4. How do I ensure sorting data in the master or the slave is not a problem?

Any help or tips would be much appreciated!
Thanks!!!!!!!


----------



## jimr381 (Jul 20, 2007)

Are you also trying to lookup specific values within the master sheet as well in the slave sheet?


----------



## holly00 (Jul 27, 2007)

Thanks for your reply jimr,
I'm not sure I understand the question completely... I want the slave sheet to lookup some of the data (columns) from all of the records (rows) in the master sheet. There is no need to lookup specific values.
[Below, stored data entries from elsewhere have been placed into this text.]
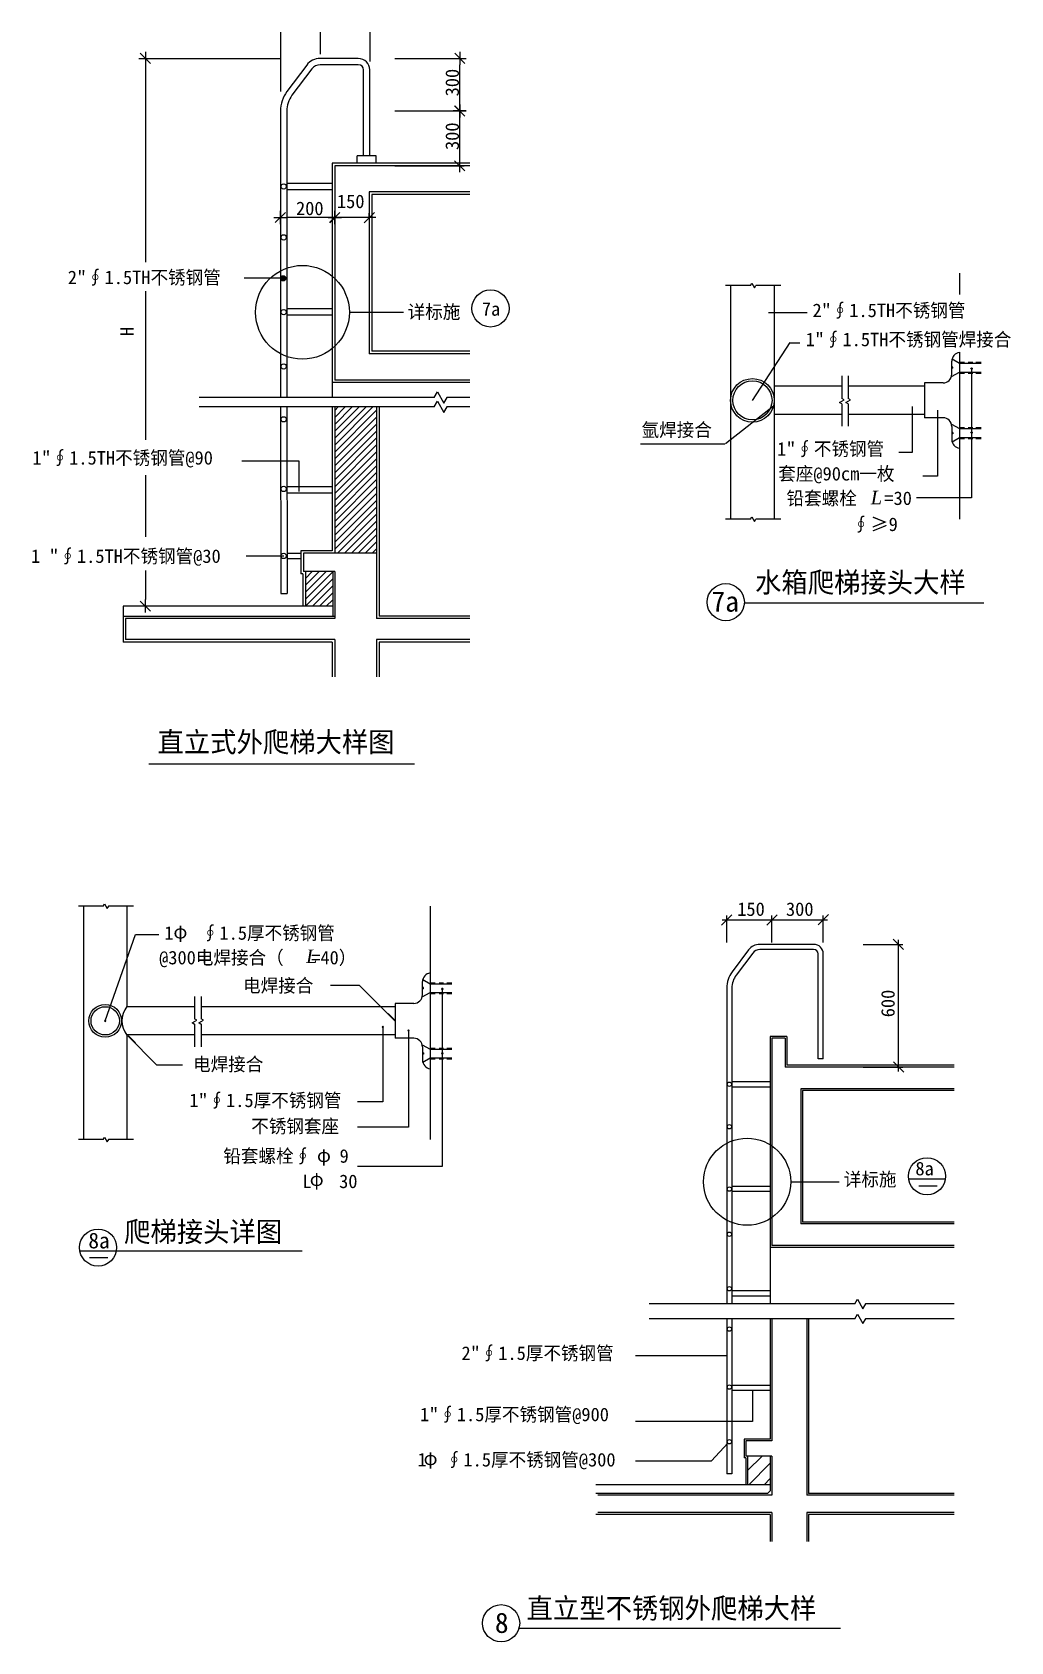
# Model space of a CAD drawing. Header units: metres. Extents: x 346 to 2592, y -1559 to 2136.
import ezdxf

# ---------------------------------------------------------------- set-up
doc = ezdxf.new("R2010")
doc.units = ezdxf.units.M
for name, color, linetype in [('BLK', 7, 'Continuous'), ('CO', 1, 'Continuous'), ('DIM', 5, 'Continuous'), ('DW', 3, 'Continuous'), ('EX', 2, 'Continuous'), ('FLINE', 11, 'Continuous'), ('I-TEXT', 7, 'Continuous'), ('MARK', 5, 'Continuous'), ('MK2', 7, 'Continuous'), ('S-1', 4, 'Continuous'), ('SYM', 12, 'Continuous'), ('WALL', 2, 'Continuous'), ('Z', 4, 'Continuous')]:
    doc.layers.add(name, color=color, linetype=linetype)

# ---------------------------------------------------------------- blocks, each defined once
blk = doc.blocks.new('_OBLIQUE')
blk.add_lwpolyline([(-0.78, -0.75), (0.78, 0.82)])
blk = doc.blocks.new('DIMTCK')
for p, q in [((1, 0), (-1, 0)), ((0, 1), (0, -1))]:
    blk.add_line(p, q)
blk.add_lwpolyline([(0.79, 0.78), (-0.77, -0.79)])

msp = doc.modelspace()

# ---------------------------------------------------------------- linework, layer by layer
for p, q in [((1994.34, 1554.03), (1997.47, 1559.44)), ((1997.47, 1559.44), (2003.72, 1548.62)), ((2003.72, 1548.62), (2006.84, 1554.03)), ((1269.08, 1297.36), (729.21, 1297.36)), ((1268.48, 1297.36), (1275.98, 1310.35)), ((1275.98, 1310.35), (1290.98, 1284.37)), ((1290.98, 1284.37), (1298.48, 1297.36)), ((1350.42, 1297.36), (1297.88, 1297.36)), ((2209.25, 1291.86), (2203.84, 1294.98)), ((2224.25, 1291.86), (2218.84, 1294.98)), ((1269.08, 1275.37), (729.21, 1275.37)), ((1040.48, 1187.73), (1128.13, 1275.37)), ((1040.48, 1203.64), (1112.22, 1275.37)), ((1040.48, 1219.55), (1096.31, 1275.37)), ((1040.48, 1235.46), (1080.4, 1275.37)), ((1040.48, 1251.37), (1064.49, 1275.37)), ((1040.48, 1267.28), (1048.58, 1275.37)), ((1040.48, 1171.82), (1136.48, 1267.82)), ((1268.48, 1275.37), (1275.98, 1288.36)), ((1275.98, 1288.36), (1290.98, 1262.38)), ((1290.98, 1262.38), (1298.48, 1275.37)), ((1350.42, 1275.37), (1297.88, 1275.37)), ((2198.43, 1285.61), (2209.25, 1291.86)), ((2203.84, 1282.48), (2198.43, 1285.61)), ((2213.43, 1285.61), (2224.25, 1291.86)), ((2218.84, 1282.48), (2213.43, 1285.61)), ((1040.48, 1155.91), (1136.48, 1251.91)), ((1040.48, 1140), (1136.48, 1236)), ((1040.48, 1124.09), (1136.48, 1220.09)), ((1040.48, 1108.18), (1136.48, 1204.18)), ((1040.48, 1092.27), (1136.48, 1188.27)), ((1040.48, 1076.36), (1136.48, 1172.36)), ((1040.48, 1060.45), (1136.48, 1156.45)), ((1040.48, 1044.54), (1136.48, 1140.54)), ((1040.48, 1028.63), (1136.48, 1124.63)), ((1040.48, 1012.72), (1136.48, 1108.72)), ((1040.48, 996.81), (1136.48, 1092.81)), ((1040.48, 980.9), (1136.48, 1076.9)), ((1040.48, 964.99), (1136.48, 1060.99)), ((1040.48, 949.08), (1136.48, 1045.08)), ((1046.69, 939.37), (1136.48, 1029.17)), ((1062.6, 939.37), (1136.48, 1013.26)), ((1994.34, 1018.03), (1997.47, 1023.44)), ((1997.47, 1023.44), (2003.72, 1012.62)), ((2003.72, 1012.62), (2006.84, 1018.03)), ((1078.51, 939.37), (1136.48, 997.35)), ((1094.42, 939.37), (1136.48, 981.44)), ((1110.33, 939.37), (1136.48, 965.53)), ((1126.24, 939.37), (1136.48, 949.62)), ((973.28, 881.88), (988.78, 897.37)), ((973.28, 865.97), (1004.69, 897.37)), ((973.28, 850.06), (1020.6, 897.37)), ((973.28, 834.15), (1035.68, 896.55)), ((973.28, 818.24), (1035.68, 880.64)), ((989.13, 818.17), (1035.68, 864.73)), ((1005.04, 818.17), (1035.68, 848.82)), ((1020.95, 818.17), (1035.68, 832.91)), ((1980.72, 825.65), (2530.21, 825.65)), ((614.03, 456.13), (1223.13, 456.13)), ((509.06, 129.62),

Does that answer your question?
Thanks again!!!!!!!!!!!!!


----------



## slurpee55 (Oct 20, 2004)

Enter something like this in the master sheet: =IF(ISBLANK(Sheet1!A1)," ",Sheet1!A1) (in this case, the master can be Sheet2, Sheet3.... - if it is in another workbook entirely, then you need to list the full location).


----------



## holly00 (Jul 27, 2007)

Thanks again,
Do you mean enter the formula in the master sheet or the slave sheet? I used this formula originally in the slave sheet and the problem is the slave sheet doesn't recognise the blanks as blanks. I have attached a sample spreadsheet with the master as one sheet and the slave as another. I have sorted the slave and the blank rows that have the formula in them are not sorted to the end of the data, but are in between the alphas and numerics for some reason.
Any ideas why that might be happening and how to get rid of it?
Help is much appreciated!!!!!


----------



## slurpee55 (Oct 20, 2004)

Yes, what I called the master is what you are calling the slave - sorry.
As for sorting, well, the best I can do is to suggest a free add-in for Excel from http://www.asap-utilities.com/ (I use this constantly). It has an advanced sort that lets you sort, among other things, an alphanumeric string based on the numeric portions. This will put the blanks at the bottom in a descending sort, but, since it ignores the alpha part, your data going down will be ...700, 570P, 560P, 500...


----------